项目摘要 正常视力取决于主要视网膜细胞类型的平衡生成和稳态调节， 这些过程的中断可能导致先天性视网膜疾病和视网膜变性， 全世界每年有数百万人死亡。再生医学依赖于我们对视网膜 用于告知视网膜细胞重编程和制造的开发。虽然有重大的 在解开转录因子的作用的进展，一个主要的差距存在于我们的知识如何这些 严格调控的基因网络由表观遗传机制控制。多梳群配合物是 进化上保守的表观遗传机制，通过组蛋白修饰重塑染色质， 沉默靶向基因，最近已显示影响视网膜神经发生和谱系决定。 BCOR是Polycomb抑制复合物1变体的一个组分，其泛素化组蛋白上的赖氨酸119 H2A（H2AK119Ub）。BCOR失调明显与眼部和视网膜疾病相关，包括伦茨 小眼症、眼面心齿综合征和视网膜母细胞瘤，但它在视网膜神经发生中的作用是 仍然没有很好地理解。在初步研究中，我进行了免疫共沉淀-质谱分析， 验证了BCOR与视网膜细胞中其他PcG蛋白的相互作用。
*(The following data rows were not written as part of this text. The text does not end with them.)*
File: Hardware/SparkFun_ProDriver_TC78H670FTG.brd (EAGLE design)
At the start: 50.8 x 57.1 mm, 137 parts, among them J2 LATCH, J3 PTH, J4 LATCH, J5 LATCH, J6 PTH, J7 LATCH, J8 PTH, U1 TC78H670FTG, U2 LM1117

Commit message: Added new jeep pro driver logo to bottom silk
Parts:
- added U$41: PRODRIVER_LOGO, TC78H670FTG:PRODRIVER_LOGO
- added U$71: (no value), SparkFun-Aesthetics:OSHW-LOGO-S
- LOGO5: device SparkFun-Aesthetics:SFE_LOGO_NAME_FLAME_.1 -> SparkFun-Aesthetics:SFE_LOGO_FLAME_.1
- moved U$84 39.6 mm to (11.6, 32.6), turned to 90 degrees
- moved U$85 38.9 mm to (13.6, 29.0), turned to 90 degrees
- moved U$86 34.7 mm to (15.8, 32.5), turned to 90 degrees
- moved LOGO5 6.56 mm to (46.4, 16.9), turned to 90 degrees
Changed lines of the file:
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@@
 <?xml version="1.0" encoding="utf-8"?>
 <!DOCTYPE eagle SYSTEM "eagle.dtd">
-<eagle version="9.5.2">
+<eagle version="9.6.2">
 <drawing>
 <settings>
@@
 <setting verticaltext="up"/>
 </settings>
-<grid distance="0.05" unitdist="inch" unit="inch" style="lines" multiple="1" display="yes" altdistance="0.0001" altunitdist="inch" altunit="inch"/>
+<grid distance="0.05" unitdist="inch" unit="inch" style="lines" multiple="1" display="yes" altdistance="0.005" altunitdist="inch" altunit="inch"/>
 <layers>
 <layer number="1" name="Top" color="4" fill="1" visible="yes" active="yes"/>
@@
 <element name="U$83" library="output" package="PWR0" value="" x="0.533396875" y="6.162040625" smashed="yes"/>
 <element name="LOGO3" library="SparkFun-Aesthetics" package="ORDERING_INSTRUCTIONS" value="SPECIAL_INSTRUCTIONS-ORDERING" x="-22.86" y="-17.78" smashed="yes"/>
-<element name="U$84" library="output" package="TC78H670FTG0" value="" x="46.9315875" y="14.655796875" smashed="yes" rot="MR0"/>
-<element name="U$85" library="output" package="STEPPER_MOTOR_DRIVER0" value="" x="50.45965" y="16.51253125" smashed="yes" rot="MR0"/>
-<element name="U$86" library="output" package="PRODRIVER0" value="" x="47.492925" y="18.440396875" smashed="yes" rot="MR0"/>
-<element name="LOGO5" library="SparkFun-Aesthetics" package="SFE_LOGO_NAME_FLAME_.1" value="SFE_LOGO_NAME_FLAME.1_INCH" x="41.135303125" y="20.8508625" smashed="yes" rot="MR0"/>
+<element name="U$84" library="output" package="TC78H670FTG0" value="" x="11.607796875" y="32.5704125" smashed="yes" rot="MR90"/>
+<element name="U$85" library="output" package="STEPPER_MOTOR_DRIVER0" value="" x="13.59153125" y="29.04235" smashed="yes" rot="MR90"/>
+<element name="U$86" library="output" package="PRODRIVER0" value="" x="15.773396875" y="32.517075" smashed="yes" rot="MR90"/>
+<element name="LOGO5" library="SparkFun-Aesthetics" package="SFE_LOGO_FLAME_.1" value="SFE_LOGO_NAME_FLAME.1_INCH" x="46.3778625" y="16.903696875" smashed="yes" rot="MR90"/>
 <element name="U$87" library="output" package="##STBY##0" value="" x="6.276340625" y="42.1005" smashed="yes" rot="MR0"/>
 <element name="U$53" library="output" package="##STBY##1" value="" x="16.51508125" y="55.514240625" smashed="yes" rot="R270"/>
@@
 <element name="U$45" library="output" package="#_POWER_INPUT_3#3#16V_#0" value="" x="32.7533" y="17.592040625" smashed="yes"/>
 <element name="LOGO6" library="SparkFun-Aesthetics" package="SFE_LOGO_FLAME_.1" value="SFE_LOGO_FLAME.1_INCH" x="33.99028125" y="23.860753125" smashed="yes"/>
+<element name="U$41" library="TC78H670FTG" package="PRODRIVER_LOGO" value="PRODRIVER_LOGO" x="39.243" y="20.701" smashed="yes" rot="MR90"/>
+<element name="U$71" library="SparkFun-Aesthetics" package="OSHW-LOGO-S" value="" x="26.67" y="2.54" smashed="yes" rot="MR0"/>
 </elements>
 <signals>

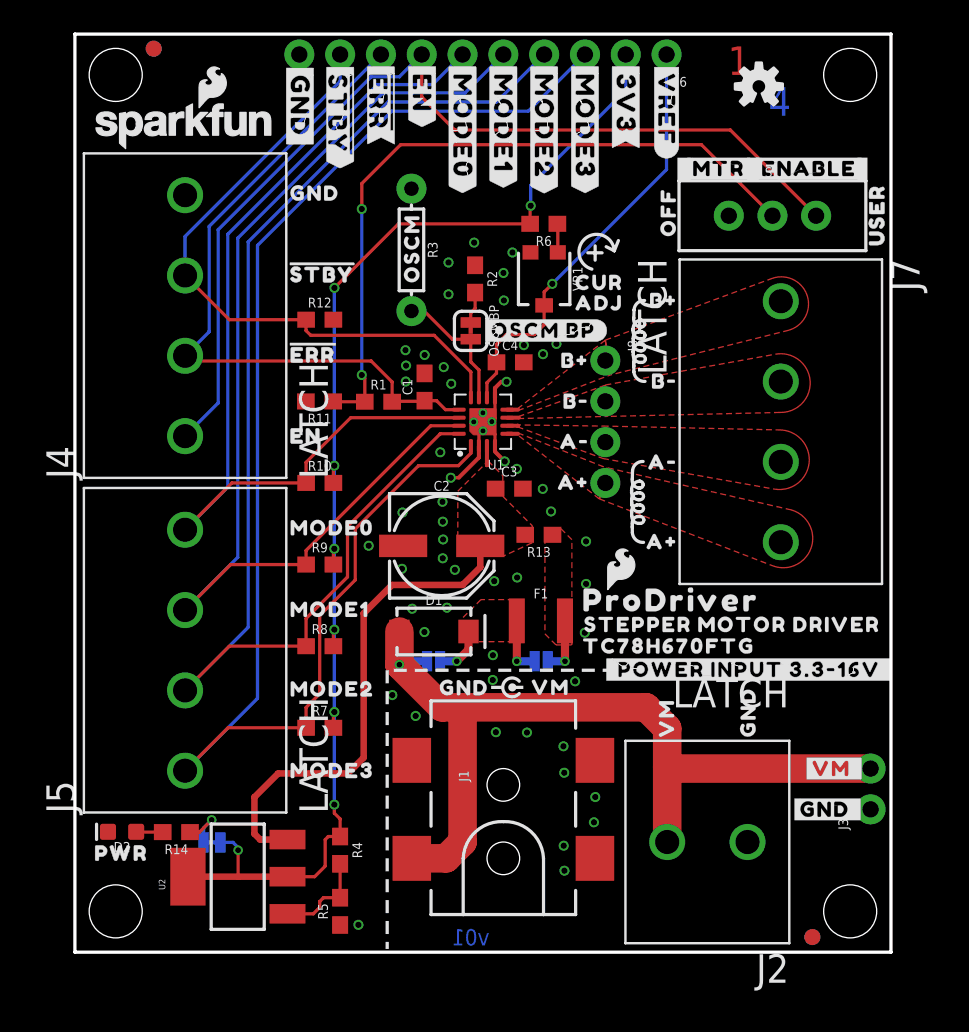
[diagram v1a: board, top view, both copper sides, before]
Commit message: Rotated bottom silk labels to match product name/logo
also updated version number to v10 in brd bottom copper and sch
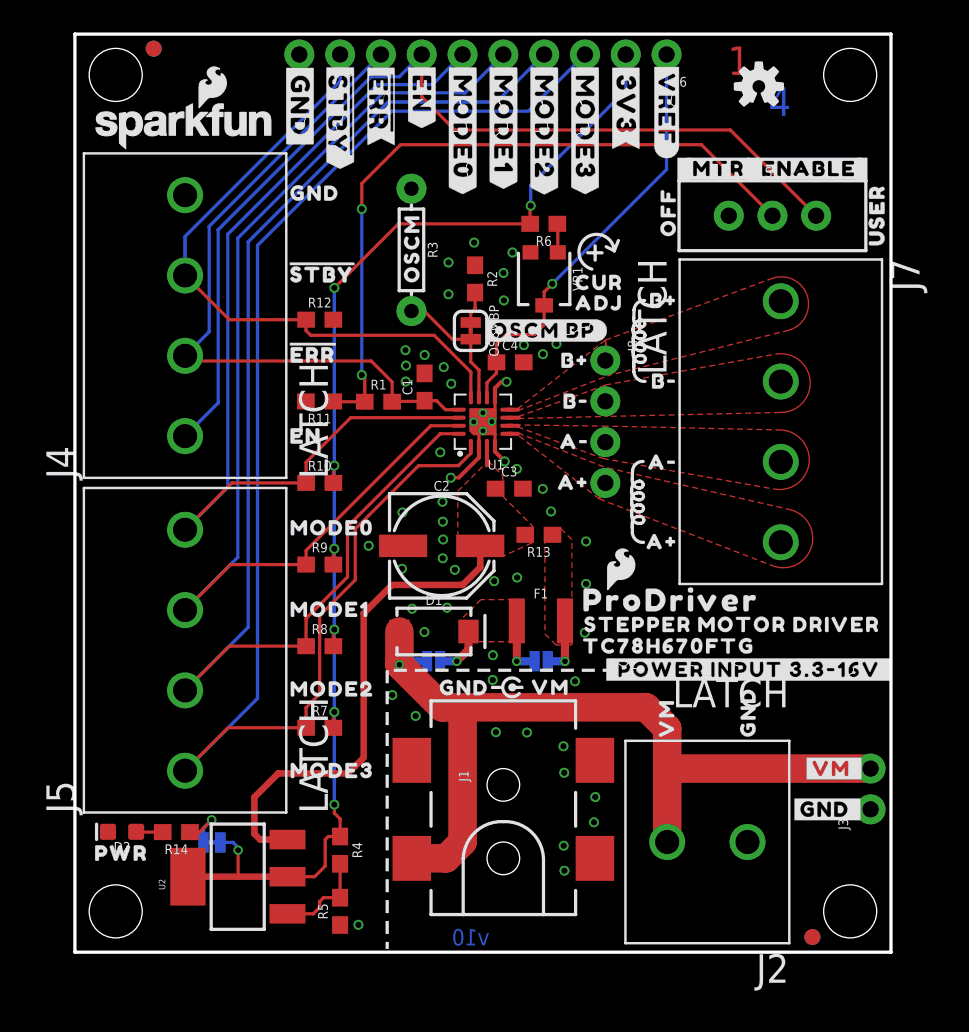
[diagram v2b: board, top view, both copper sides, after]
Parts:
- removed U$36: (no value), output:##ERR##6
- removed U$39: (no value), output:#LED#0
- removed U$76: (no value), output:#MODE0#4
- removed U$77: (no value), output:#MODE1#4
- removed U$78: (no value), output:#MODE2#4
- removed U$79: (no value), output:#MODE3#4
- removed U$81: (no value), output:#VREF#0
- removed U$88: (no value), output:##STBY##1
- added U$74: (no value), output:#MODE0#1
- added U$90: (no value), output:#MODE1#1
- added U$91: (no value), output:#MODE2#2
- added U$92: (no value), output:#MODE3#3
- added U$93: (no value), output:#3V3#4
- added U$94: (no value), output:#EN#5
- added U$95: (no value), output:##ERR##6
- added U$96: (no value), output:#GND#8
- U$35: device output:#3V3#4 -> output2:##ERR##5
- U$38: device output:#D1_BP#0 -> output:#LED#10
- U$54: device output:##ERR##6 -> output:##STBY##7
- U$64: device output:#PTC_BP#0 -> output:#D1_BP#10
- U$70: device output:#GND#5 -> output:#PTC_BP#9
- U$75: device output:#EN#4 -> output2:#3V3#4
- U$80: device output:#3V3#4 -> output:#VREF#4
- moved U$70 38.2 mm to (29.0, 17.5), turned to 90 degrees
- moved U$38 17.9 mm to (8.53, 6.07), turned to 90 degrees
- moved U$35 15.2 mm to (19.1, 55.5)
- moved U$75 12.7 mm to (34.3, 55.5), flipped to the top
- moved U$64 6.74 mm to (22.3, 17.4), turned to 90 degrees
- moved U$54 2.54 mm to (16.5, 55.6), turned to 90 degrees
- moved U$80 2.54 mm to (36.8, 55.6), turned to 90 degrees
- moved U$73 0.12 mm to (41.9, 2.82), turned to 90 degrees
- moved U$72 0.07 mm to (36.9, 2.91), turned to 90 degrees
- moved U$13 0.07 mm to (21.6, 55.5)
- moved U$33 0.07 mm to (24.1, 55.5)
- moved U$46 0.07 mm to (26.7, 55.5)
- moved U$47 0.07 mm to (29.2, 55.5)
- moved U$48 0.07 mm to (31.8, 55.5)
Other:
- board text added: "v10"
- board text removed: "v01"

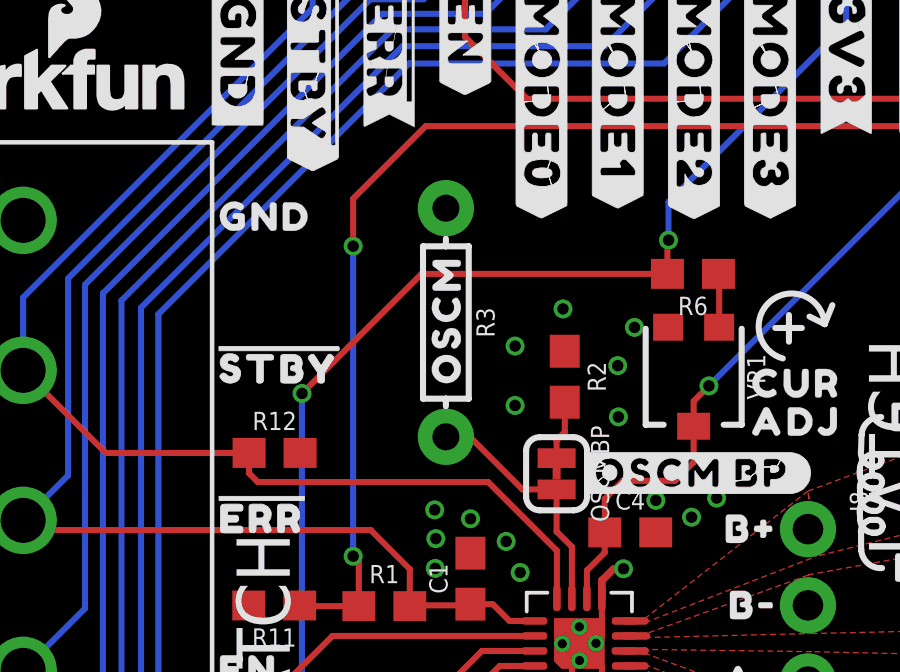
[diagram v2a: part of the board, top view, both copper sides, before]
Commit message: Post design reveiew (REDs)
-Moved R3 (OSCM) away from exposed bottom copper (for the optional heat sink). This is nice to add a little extra clarance in case you want to use a larger heatsink.
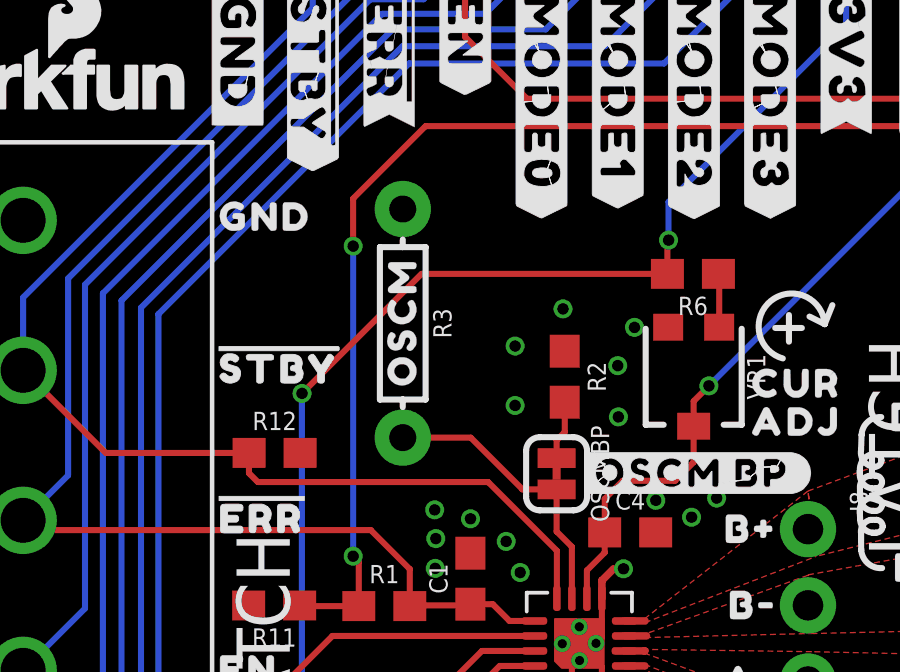
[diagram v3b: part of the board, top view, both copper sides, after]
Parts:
- moved U$18 1.48 mm to (19.5, 40.9)
- moved R3 1.44 mm to (19.5, 43.7)
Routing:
- net OSCM: track 8.26 -> 9.68 mm
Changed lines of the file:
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@@
 <attribute name="VALUE" x="24.150321875" y="41.91" size="0.6096" layer="27" font="vector" ratio="20" rot="R270" align="top-center"/>
 </element>
-<element name="R3" library="SparkFun-Resistors" package="AXIAL-0.3" value="DNP" x="20.94991875" y="43.71848125" smashed="yes" rot="R270">
-<attribute name="NAME" x="21.96591875" y="43.71848125" size="0.6096" layer="25" font="vector" ratio="20" rot="R270" align="bottom-center"/>
-<attribute name="PROD_ID" value=" " x="20.94991875" y="43.71848125" size="1.778" layer="27" font="vector" ratio="15" rot="R270" display="off"/>
-<attribute name="VALUE" x="19.93391875" y="43.71848125" size="0.6096" layer="27" font="vector" ratio="20" rot="R270" align="top-center"/>
+<element name="R3" library="SparkFun-Resistors" package="AXIAL-0.3" value="DNP" x="19.512278125" y="43.690540625" smashed="yes" rot="R270">
+<attribute name="NAME" x="20.528278125" y="43.690540625" size="0.6096" layer="25" font="vector" ratio="20" rot="R270" align="bottom-center"/>
+<attribute name="PROD_ID" value=" " x="19.512278125" y="43.690540625" size="1.778" layer="27" font="vector" ratio="15" rot="R270" display="off"/>
+<attribute name="VALUE" x="18.496278125" y="43.690540625" size="0.6096" layer="27" font="vector" ratio="20" rot="R270" align="top-center"/>
 </element>
 <element name="OSCMBP" library="SparkFun-Jumpers" package="SMT-JUMPER_2_NC_TRACE_SILK" package3d_urn="urn:adsk.eagle:package:39281/1" value="" x="24.6405375" y="38.676578125" smashed="yes" rot="R270">
@@
 <element name="U$12" library="output" package="GND6" value="" x="41.91" y="12.7" smashed="yes" rot="R90"/>
 <element name="U$17" library="output" package="OFF0" value="" x="36.9417625" y="43.863259375" smashed="yes" rot="R90"/>
-<element name="U$18" library="output" package="OSCM0" value="" x="20.980396875" y="40.98544375" smashed="yes" rot="R90"/>
+<element name="U$18" library="output" package="OSCM0" value="" x="19.499575" y="40.90924375" smashed="yes" rot="R90"/>
 <element name="U$10" library="output" package="CUR0" value="" x="30.4546" y="41.6814" smashed="yes"/>
 <element name="U$20" library="output" package="ADJ0" value="" x="30.4546" y="40.4114" smashed="yes"/>
@@
 <wire x1="25.15" y1="36.2418" x2="24.6405375" y2="36.7512625" width="0.2032" layer="1"/>
 <wire x1="24.6405375" y1="38.155878125" x2="23.50008125" y2="38.155878125" width="0.2032" layer="1"/>
-<wire x1="21.747478125" y1="39.90848125" x2="20.94991875" y2="39.90848125" width="0.2032" layer="1"/>
-<wire x1="23.50008125" y1="38.155878125" x2="21.747478125" y2="39.90848125" width="0.2032" layer="1"/>
+<wire x1="21.77541875" y1="39.880540625" x2="19.512278125" y2="39.880540625" width="0.2032" layer="1"/>
+<wire x1="23.50008125" y1="38.155878125" x2="21.77541875" y2="39.880540625" width="0.2032" layer="1"/>
 </signal>
 <signal name="!STBY">

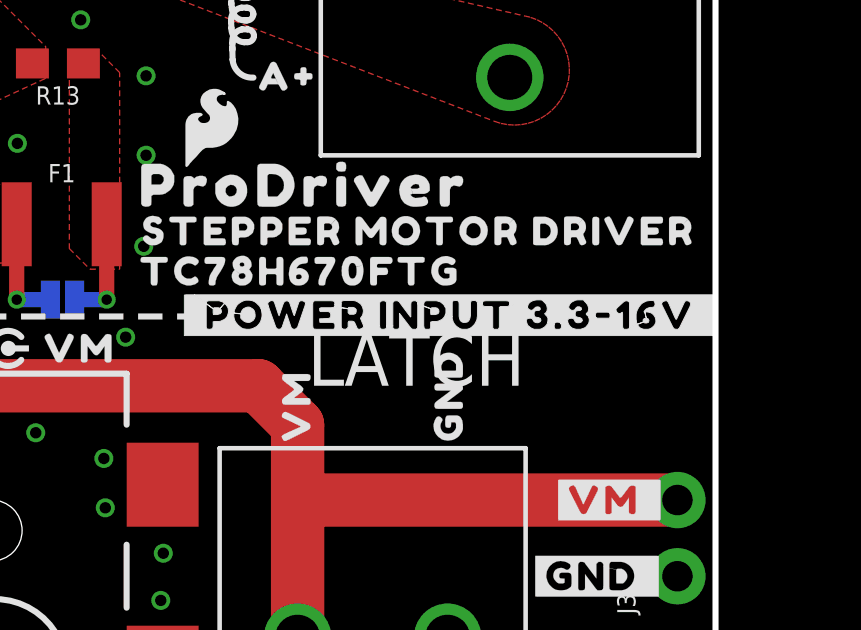
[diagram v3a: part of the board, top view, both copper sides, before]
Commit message: Corrected input voltage range to 3.6-16V on sch and brd
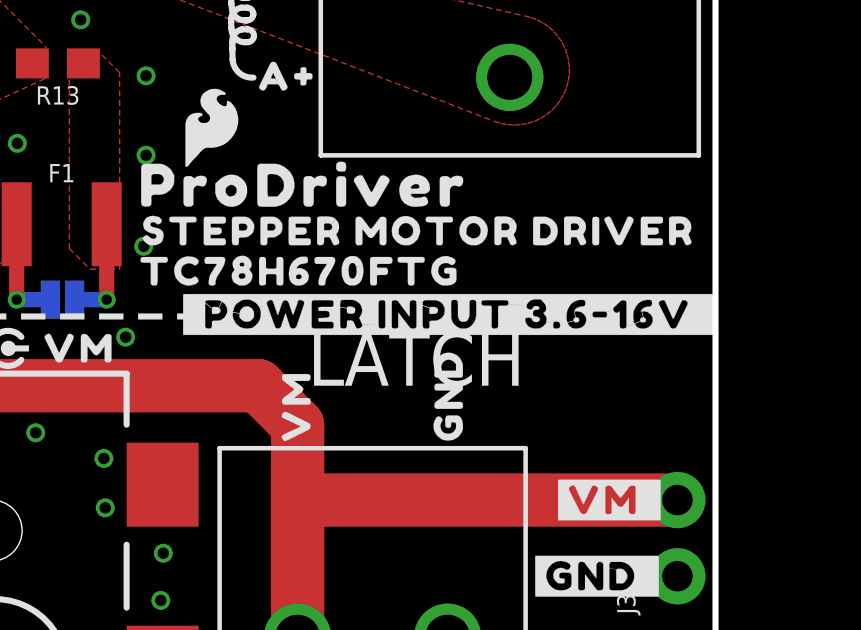
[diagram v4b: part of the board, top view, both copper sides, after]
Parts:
- removed U$45: (no value), output:#_POWER_INPUT_3#3#16V_#0
- added U$36: (no value), output:#_POWER_INPUT_3#6#16V_#0
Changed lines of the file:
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@@
 <layer number="28" name="bValues" color="7" fill="1" visible="no" active="yes"/>
 <layer number="29" name="tStop" color="30" fill="5" visible="no" active="yes"/>
-<layer number="30" name="bStop" color="7" fill="6" visible="no" active="yes"/>
+<layer number="30" name="bStop" color="7" fill="6" visible="yes" active="yes"/>
 <layer number="31" name="tCream" color="7" fill="4" visible="no" active="yes"/>
 <layer number="32" name="bCream" color="7" fill="5" visible="no" active="yes"/>
@@
 <element name="U$7" library="output" package="USER0" value="" x="49.9237" y="43.2816" smashed="yes" rot="R90"/>
 <element name="U$16" library="output" package="#OSCM_BP#0" value="" x="25.229821875" y="38.6994375" smashed="yes"/>
-<element name="U$45" library="output" package="#_POWER_INPUT_3#3#16V_#0" value="" x="32.7533" y="17.592040625" smashed="yes"/>
 <element name="LOGO6" library="SparkFun-Aesthetics" package="SFE_LOGO_FLAME_.1" value="SFE_LOGO_FLAME.1_INCH" x="33.99028125" y="23.860753125" smashed="yes"/>
 <element name="U$41" library="TC78H670FTG" package="PRODRIVER_LOGO" value="PRODRIVER_LOGO" x="39.243" y="20.701" smashed="yes" rot="MR90"/>
@@
 <element name="U$75" library="output2" package="#3V3#4" value="" x="34.29761875" y="55.48121875" smashed="yes" rot="R270"/>
 <element name="U$35" library="output2" package="##ERR##5" value="" x="19.05761875" y="55.48121875" smashed="yes" rot="R270"/>
+<element name="U$36" library="output" package="#_POWER_INPUT_3#6#16V_#0" value="" x="32.7152" y="17.6149" smashed="yes"/>
 </elements>
 <signals>

然后我用BCOR染色质 免疫沉淀测序（ChIP-seq）并鉴定了视网膜祖细胞基因LHX 2的强峰， PAX 6、SIX 3和SIX 6，它们都在视泡发育中起重要作用，并且后来在视泡发育中发挥不同的作用。 视网膜细胞的命运决定。因此，我建议研究BCOR在视网膜神经发生中的作用。我 假设BCOR通过募集细胞来介导从视网膜祖细胞到分化细胞类型的转换 PcG蛋白调节染色质上的H2 AK 119 Ub以抑制多能性基因。我来测试一下 目的：（1）明确BCOR调节视网膜神经元凋亡的表观遗传机制， 祖细胞基因，和（2）确定BCOR如何影响体内主要视网膜细胞类型的产生。我 总体目标是表征BCOR-ncPRC 1.1在视网膜发育中的作用， 视网膜再生策略的新表观遗传靶点。